Start of Block

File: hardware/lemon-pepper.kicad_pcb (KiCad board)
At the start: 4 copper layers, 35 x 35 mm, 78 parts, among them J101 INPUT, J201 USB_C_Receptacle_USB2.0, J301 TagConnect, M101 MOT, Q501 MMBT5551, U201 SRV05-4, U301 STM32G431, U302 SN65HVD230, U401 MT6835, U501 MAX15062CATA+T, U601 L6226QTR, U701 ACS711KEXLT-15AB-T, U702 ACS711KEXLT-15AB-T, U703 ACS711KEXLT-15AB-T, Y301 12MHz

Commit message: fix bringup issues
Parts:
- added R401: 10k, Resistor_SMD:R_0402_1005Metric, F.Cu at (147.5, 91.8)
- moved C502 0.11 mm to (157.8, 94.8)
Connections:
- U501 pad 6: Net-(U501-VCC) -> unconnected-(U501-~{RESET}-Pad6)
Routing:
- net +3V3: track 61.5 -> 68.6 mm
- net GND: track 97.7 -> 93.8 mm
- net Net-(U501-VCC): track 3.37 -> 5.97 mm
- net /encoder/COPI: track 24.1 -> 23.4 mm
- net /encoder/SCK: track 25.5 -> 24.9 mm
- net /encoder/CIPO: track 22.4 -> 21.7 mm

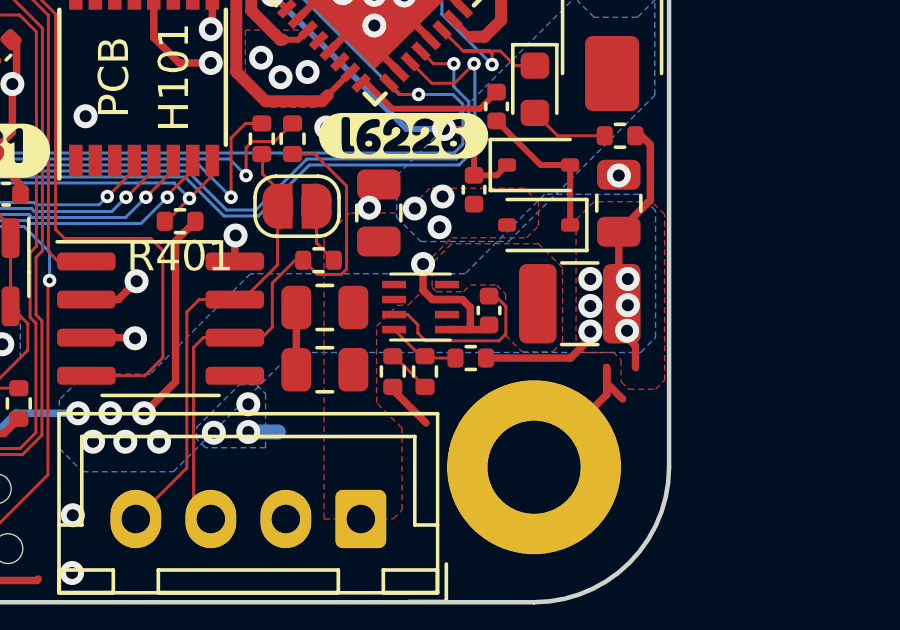
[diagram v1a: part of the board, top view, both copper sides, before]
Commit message: remove stray files/folders
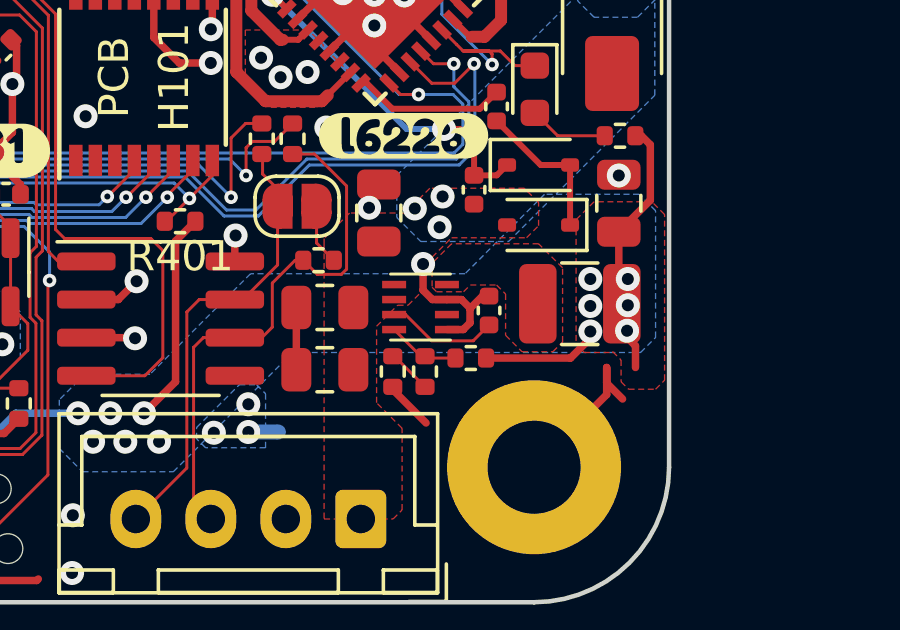
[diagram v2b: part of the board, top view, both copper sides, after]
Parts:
- turned C502 to 90 degrees
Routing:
- net Net-(U501-VCC): track 5.97 -> 3.75 mm
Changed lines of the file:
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@@
   )
   (footprint "Capacitor_SMD:C_0402_1005Metric" (layer "F.Cu")
-    (at 157.8 94.75 -90)
+    (at 157.8 94.75 90)
     (descr "Capacitor SMD 0402 (1005 Metric), square (rectangular) end terminal, IPC_7351 nominal, (Body size source: IPC-SM-782 page 76, https://www.pcb-3d.com/wordpress/wp-content/uploads/ipc-sm-782a_amendment_1_and_2.pdf), generated with kicad-footprint-generator")
     (tags "capacitor")
@@
     (fp_line (start 0.5 0.25) (end -0.5 0.25)
       (stroke (width 0.1) (type solid)) (layer "F.Fab"))
-    (pad "1" smd roundrect (at -0.48 0 270) (size 0.56 0.62) (layers "F.Cu" "F.Paste" "F.Mask") (roundrect_rratio 0.25)
+    (pad "1" smd roundrect (at -0.48 0 90) (size 0.56 0.62) (layers "F.Cu" "F.Paste" "F.Mask") (roundrect_rratio 0.25)
       (net 13 "Net-(U501-VCC)") (pintype "passive"))
-    (pad "2" smd roundrect (at 0.48 0 270) (size 0.56 0.62) (layers "F.Cu" "F.Paste" "F.Mask") (roundrect_rratio 0.25)
+    (pad "2" smd roundrect (at 0.48 0 90) (size 0.56 0.62) (layers "F.Cu" "F.Paste" "F.Mask") (roundrect_rratio 0.25)
       (net 1 "GND") (pintype "passive"))
     (model "${KICAD6_3DMODEL_DIR}/Capacitor_SMD.3dshapes/C_0402_1005Metric.wrl"
@@
   (segment (start 137.075 75.85) (end 137.075 74.8) (width 0.25) (layer "F.Cu") (net 1))
   (segment (start 131.075 92.075) (end 130.275 91.275) (width 0.25) (layer "F.Cu") (net 1))
-  (segment (start 157.175 95.385) (end 156.395 95.385) (width 0.25) (layer "F.Cu") (net 1))
-  (segment (start 156.395 94.385) (end 156.91 94.385) (width 0.25) (layer "F.Cu") (net 1))
   (segment (start 153.975 84.225) (end 154 84.225) (width 0.25) (layer "F.Cu") (net 1))
   (segment (start 136.721898 79.028102) (end 136.721898 77.721898) (width 0.25) (layer "F.Cu") (net 1))
@@
   (segment (start 147.474157 86.499157) (end 146.625 85.65) (width 0.25) (layer "F.Cu") (net 1))
   (segment (start 154 82.825) (end 154 84.225) (width 0.25) (layer "F.Cu") (net 1))
+  (segment (start 156.87962 94.385) (end 157.165 94.67038) (width 0.25) (layer "F.Cu") (net 1))
   (segment (start 153.975 86.025) (end 153.975 85.967767) (width 0.25) (layer "F.Cu") (net 1))
   (segment (start 153.95 82.775) (end 154 82.825) (width 0.25) (layer "F.Cu") (net 1))
   (segment (start 147.31538 82.95) (end 147.42 82.95) (width 0.25) (layer "F.Cu") (net 1))
   (segment (start 132.95 91.9) (end 133.935589 90.914411) (width 0.25) (layer "F.Cu") (net 1))
-  (segment (start 156.91 94.385) (end 157.175 94.65) (width 0.25) (layer "F.Cu") (net 1))
   (segment (start 153.303553 83.175) (end 154 83.871447) (width 0.25) (layer "F.Cu") (net 1))
   (segment (start 140.5 98.85) (end 141.635 98.85) (width 0.25) (layer "F.Cu") (net 1))
@@
   (segment (start 134.535913 94.860913) (end 133.842948 95.553878) (width 0.25) (layer "F.Cu") (net 1))
   (segment (start 153.3 83.175) (end 153.303553 83.175) (width 0.25) (layer "F.Cu") (net 1))
+  (segment (start 157.165 94.67038) (end 157.165 94.685) (width 0.25) (layer "F.Cu") (net 1))
   (segment (start 153.179756 81.636989) (end 154 82.457233) (width 0.25) (layer "F.Cu") (net 1))
+  (segment (start 157.165 94.685) (end 157.58 94.27) (width 0.25) (layer "F.Cu") (net 1))
   (segment (start 146.625 84.2) (end 146.625 83.64038) (width 0.25) (layer "F.Cu") (net 1))
   (segment (start 141.910438 87.201525) (end 142.05 87.061963) (width 0.25) (layer "F.Cu") (net 1))
@@
   (segment (start 136.721898 77.721898) (end 136.525 77.525) (width 0.25) (layer "F.Cu") (net 1))
   (segment (start 142.775 103.7) (end 142.725 103.75) (width 0.25) (layer "F.Cu") (net 1))
+  (segment (start 156.94 95.385) (end 157.165 95.16) (width 0.25) (layer "F.Cu") (net 1))
   (segment (start 156.474874 84.225) (end 155.525 84.225) (width 0.25) (layer "F.Cu") (net 1))
   (segment (start 149.35 92.2495) (end 149.325 92.2745) (width 0.25) (layer "F.Cu") (net 1))
@@
   (segment (start 141.596766 89.128234) (end 141.596766 89.971766) (width 0.25) (layer "F.Cu") (net 1))
   (segment (start 156.234457 83.051203) (end 155.06066 84.225) (width 0.25) (layer "F.Cu") (net 1))
+  (segment (start 157.165 95.16) (end 157.165 94.685) (width 0.25) (layer "F.Cu") (net 1))
   (segment (start 140.44283 102.94283) (end 140.44283 102.556006) (width 0.25) (layer "F.Cu") (net 1))
   (segment (start 136.675 79.075) (end 136.721898 79.028102) (width 0.25) (layer "F.Cu") (net 1))
   (segment (start 156.395 94.385) (end 155.91038 94.385) (width 0.25) (layer "F.Cu") (net 1))
+  (segment (start 156.395 94.385) (end 156.87962 94.385) (width 0.25) (layer "F.Cu") (net 1))
   (segment (start 139.591726 97.583274) (end 140.27762 96.89738) (width 0.25) (layer "F.Cu") (net 1))
   (segment (start 155.173797 81.990543) (end 154 83.16434) (width 0.25) (layer "F.Cu") (net 1))
@@
   (segment (start 131.760589 88.739411) (end 130.714411 88.739411) (width 0.25) (layer "F.Cu") (net 1))
   (segment (start 161.72 96.65) (end 161.72 97.555) (width 0.25) (layer "F.Cu") (net 1))
-  (segment (start 157.8495 95.385) (end 157.175 95.385) (width 0.25) (layer "F.Cu") (net 1))
   (segment (start 139.907035 99.442965) (end 140.5 98.85) (width 0.25) (layer "F.Cu") (net 1))
   (segment (start 154 85.992767) (end 154 85.8) (width 0.25) (layer "F.Cu") (net 1))
@@
   (segment (start 152.232233 84.225) (end 152.575 84.225) (width 0.25) (layer "F.Cu") (net 1))
   (segment (start 145.44 94.385) (end 144.375 94.385) (width 0.25) (layer "F.Cu") (net 1))
-  (segment (start 157.175 94.65) (end 157.175 95.385) (width 0.25) (layer "F.Cu") (net 1))
   (segment (start 156.941564 83.75831) (end 156.474874 84.225) (width 0.25) (layer "F.Cu") (net 1))
   (segment (start 146.625 85.65) (end 146.625 84.2) (width 0.25) (layer "F.Cu") (net 1))
@@
   (segment (start 156.588011 83.404756) (end 155.767767 84.225) (width 0.25) (layer "F.Cu") (net 1))
   (segment (start 142.725 103.75) (end 141.25 103.75) (width 0.25) (layer "F.Cu") (net 1))
+  (segment (start 156.395 95.385) (end 156.94 95.385) (width 0.25) (layer "F.Cu") (net 1))
   (segment (start 141.25 103.75) (end 140.44283 102.94283) (width 0.25) (layer "F.Cu") (net 1))
   (segment (start 152.472649 82.344096) (end 153.3 83.171447) (width 0.25) (layer "F.Cu") (net 1))
@@
   (segment (start 136.388533 93.008293) (end 136.883507 93.008293) (width 0.25) (layer "F.Cu") (net 1))
   (segment (start 132.85 92.225) (end 132.7 92.075) (width 0.25) (layer "F.Cu") (net 1))
+  (segment (start 157.58 94.27) (end 157.8 94.27) (width 0.25) (layer "F.Cu") (net 1))
   (segment (start 154 85.8) (end 153.975 85.775) (width 0.25) (layer "F.Cu") (net 1))
   (segment (start 151.411989 83.404756) (end 152.232233 84.225) (width 0.25) (layer "F.Cu") (net 1))
@@
   (segment (start 151.43934 85.725) (end 150.925 85.725) (width 0.2) (layer "F.Cu") (net 11))
   (segment (start 147.05 79.732106) (end 149.875 82.557106) (width 0.4) (layer "F.Cu") (net 11))
-  (segment (start 158.36 94.61) (end 158.02 94.27) (width 0.1) (layer "F.Cu") (net 13))
-  (segment (start 158.02 94.27) (end 157.8 94.27) (width 0.1) (layer "F.Cu") (net 13))
-  (segment (start 158.131544 95.76) (end 158.36 95.531544) (width 0.1) (layer "F.Cu") (net 13))
-  (segment (start 155.425 95.5) (end 155.685 95.76) (width 0.1) (layer "F.Cu") (net 13))
-  (segment (start 155.085 94.885) (end 155.425 95.225) (width 0.1) (layer "F.Cu") (net 13))
-  (segment (start 158.36 95.531544) (end 158.36 94.61) (width 0.1) (layer "F.Cu") (net 13))
-  (segment (start 154.635 94.885) (end 155.085 94.885) (width 0.1) (layer "F.Cu") (net 13))
-  (segment (start 155.685 95.76) (end 158.131544 95.76) (width 0.1) (layer "F.Cu") (net 13))
-  (segment (start 155.425 95.225) (end 155.425 95.5) (width 0.1) (layer "F.Cu") (net 13))
+  (segment (start 157.27 95.76) (end 157.8 95.23) (width 0.1) (layer "F.Cu") (net 13))
+  (segment (start 155.891446 95.76) (end 157.27 95.76) (width 0.1) (layer "F.Cu") (net 13))
+  (segment (start 154.635 94.885) (end 155.016446 94.885) (width 0.1) (layer "F.Cu") (net 13))
+  (segment (start 155.016446 94.885) (end 155.891446 95.76) (width 0.1) (layer "F.Cu") (net 13))
   (segment (start 160.5 91.9) (end 160.5 89.9) (width 0.2) (layer "F.Cu") (net 14))
   (segment (start 159.52 89.9) (end 160.5 89.9) (width 0.2) (layer "F.Cu") (net 14))

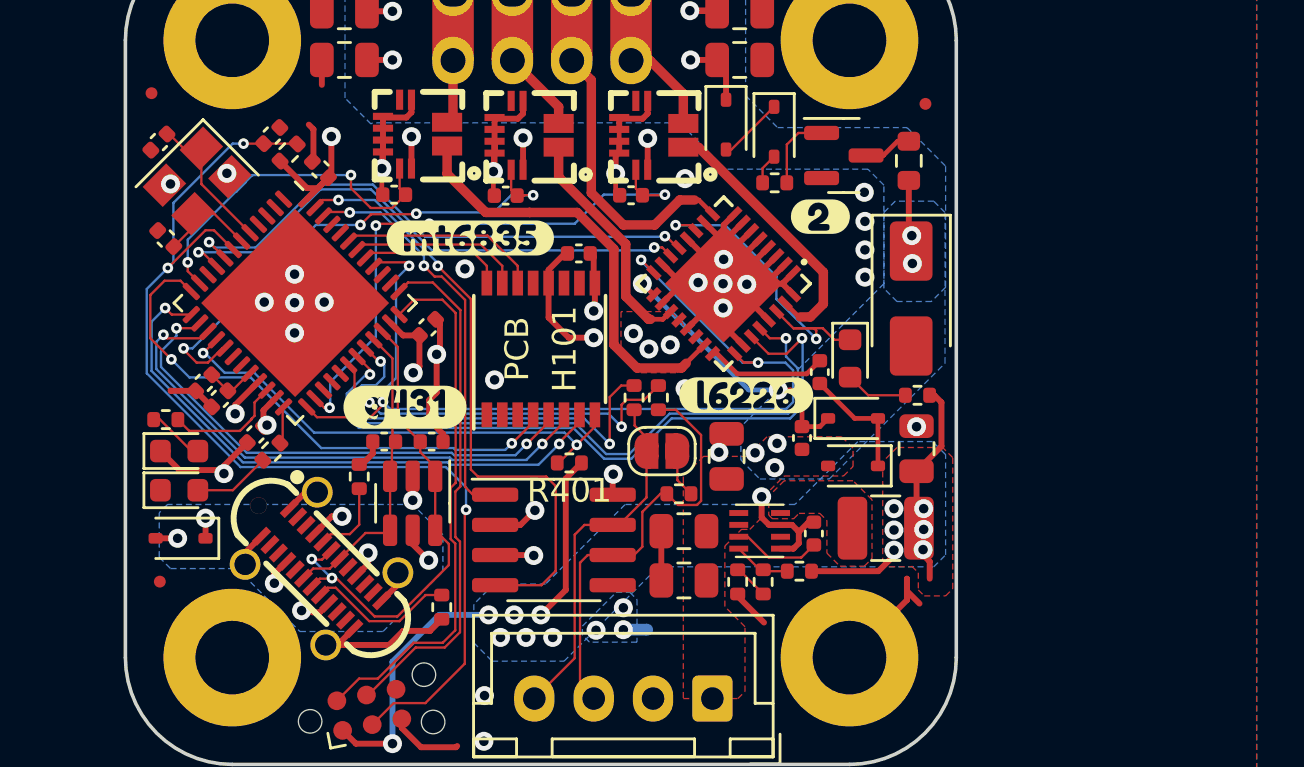
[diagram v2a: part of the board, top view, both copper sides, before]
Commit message: start working on current sense
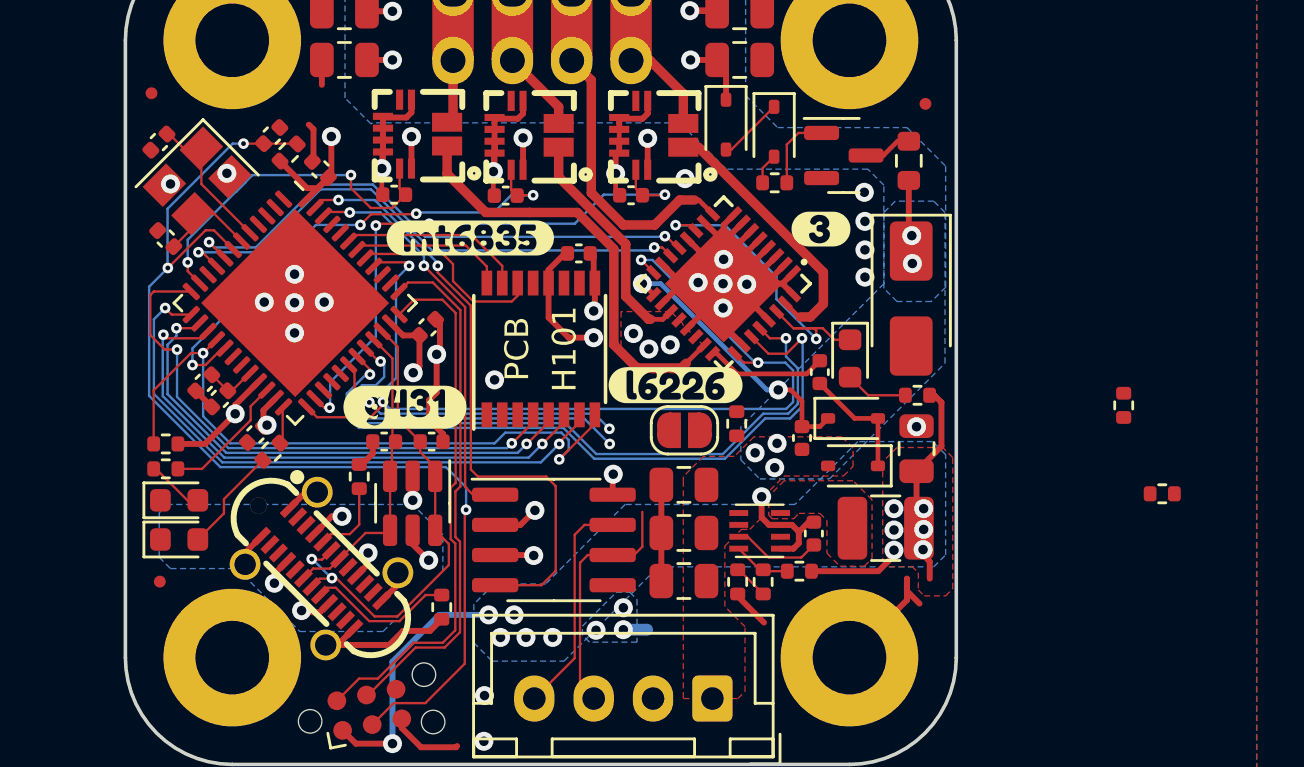
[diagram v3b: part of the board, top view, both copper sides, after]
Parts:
- removed D201: 1N4148WS, Diode_SMD:D_SOD-323
- removed kibuzzard-65380501: G***, kibuzzard-65380501
- added kibuzzard-6547C3FC: G***, kibuzzard-6547C3FC, F.Cu at (158.1, 81.9)
- moved R105 22.6 mm to (172.5, 93.1), turned to 0 degrees
- moved R104 19.6 mm to (170.8, 89.3)
- moved R401 17.0 mm to (130.5, 91.0)
- moved R103 3.83 mm to (154.6, 90.1), turned to 90 degrees
- moved kibuzzard-65305A5A 3.01 mm to (152.0, 88.5)
- moved C106 2.16 mm to (152.3, 92.7), turned to 180 degrees
- moved D302 2.08 mm to (131.1, 95.0)
- moved R301 2.08 mm to (130.5, 92.0)
- moved D301 2.07 mm to (131.1, 93.3)
- moved JP101 1.29 mm to (152.3, 90.4)
- moved C108 0.07 mm to (152.3, 94.7)
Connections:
- U301 pad 41: /encoder/A -> /encoder/Z
- U301 pad 42: /encoder/B -> /encoder/A
- U301 pad 43: /encoder/Z -> /encoder/B
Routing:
- net Vmot: track 43.2 -> 12.8 mm, vias 15 -> 14
- net /mcu/CANL: track 18.4 -> 10.3 mm
- net /encoder/CS: track 20.9 -> 28.1 mm
- net /mcu/CANH: track 15.2 -> 9.65 mm
- net GND: track 93.8 -> 88.9 mm, vias 31 -> 27
- net +3V3: track 68.6 -> 64.4 mm, vias 22 -> 21
- net /mcu/DIR: track 15.9 -> 12.6 mm
- net /mcu/STEP: track 23.6 -> 20.4 mm
- net Net-(JP101-B): track 2.04 -> 0.00 mm
- net Net-(D302-A): track 3.26 -> 4.47 mm
- net /usb/USB_5V: track 7.56 -> 6.63 mm, vias 6 -> 5
- net /encoder/CAL_EN: track 22.9 -> 23.5 mm
- net /encoder/B: track 7.30 -> 7.84 mm

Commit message: bringup changes
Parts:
- JP101: footprint Jumper:SolderJumper-2_P1.3mm_Open_RoundedPad1.0x1.5mm -> Resistor_SMD:R_0402_1005Metric
- moved R105 22.3 mm to (150.2, 91.0)
- moved R104 20.6 mm to (150.2, 90.0), turned to 180 degrees
- moved R103 2.38 mm to (152.2, 90.0), turned to 0 degrees
- moved kibuzzard-65305A5A 1.86 mm to (153.8, 88.7)
- moved JP101 0.67 mm to (152.2, 91.0)
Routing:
- net GND: track 88.9 -> 97.1 mm, vias 27 -> 28
- net /mcu/CANH: track 9.65 -> 16.7 mm
- net /mcu/CANL: track 10.3 -> 16.5 mm
- net /mcu/DIR: track 12.6 -> 14.4 mm
- net /mcu/STEP: track 20.4 -> 22.0 mm
- net /half bridges/IN1A: track 29.6 -> 31.0 mm
- net /half bridges/IN2A: track 28.7 -> 30.0 mm
- net /encoder/CAL_EN: track 23.5 -> 24.9 mm
- net /encoder/CIPO: track 21.9 -> 23.1 mm
- net /encoder/COPI: track 23.6 -> 24.8 mm
- net /mcu/RESET: track 45.9 -> 47.1 mm
- net /encoder/SCK: track 25.2 -> 26.3 mm
- net Net-(JP101-B): track 0.00 -> 1.08 mm
- net Net-(D302-A): track 4.47 -> 4.99 mm
- net +3V3: track 64.4 -> 64.5 mm, vias 21 -> 20

End of Block

Starting at the line that contains "- net /mcu/DIR: track 12.6 -> 14.4 mm", repeat each line exactly through the last one in the listing. Include both of those lines and nothing more.

### ANSWER:
- net /mcu/DIR: track 12.6 -> 14.4 mm
- net /mcu/STEP: track 20.4 -> 22.0 mm
- net /half bridges/IN1A: track 29.6 -> 31.0 mm
- net /half bridges/IN2A: track 28.7 -> 30.0 mm
- net /encoder/CAL_EN: track 23.5 -> 24.9 mm
- net /encoder/CIPO: track 21.9 -> 23.1 mm
- net /encoder/COPI: track 23.6 -> 24.8 mm
- net /mcu/RESET: track 45.9 -> 47.1 mm
- net /encoder/SCK: track 25.2 -> 26.3 mm
- net Net-(JP101-B): track 0.00 -> 1.08 mm
- net Net-(D302-A): track 4.47 -> 4.99 mm
- net +3V3: track 64.4 -> 64.5 mm, vias 21 -> 20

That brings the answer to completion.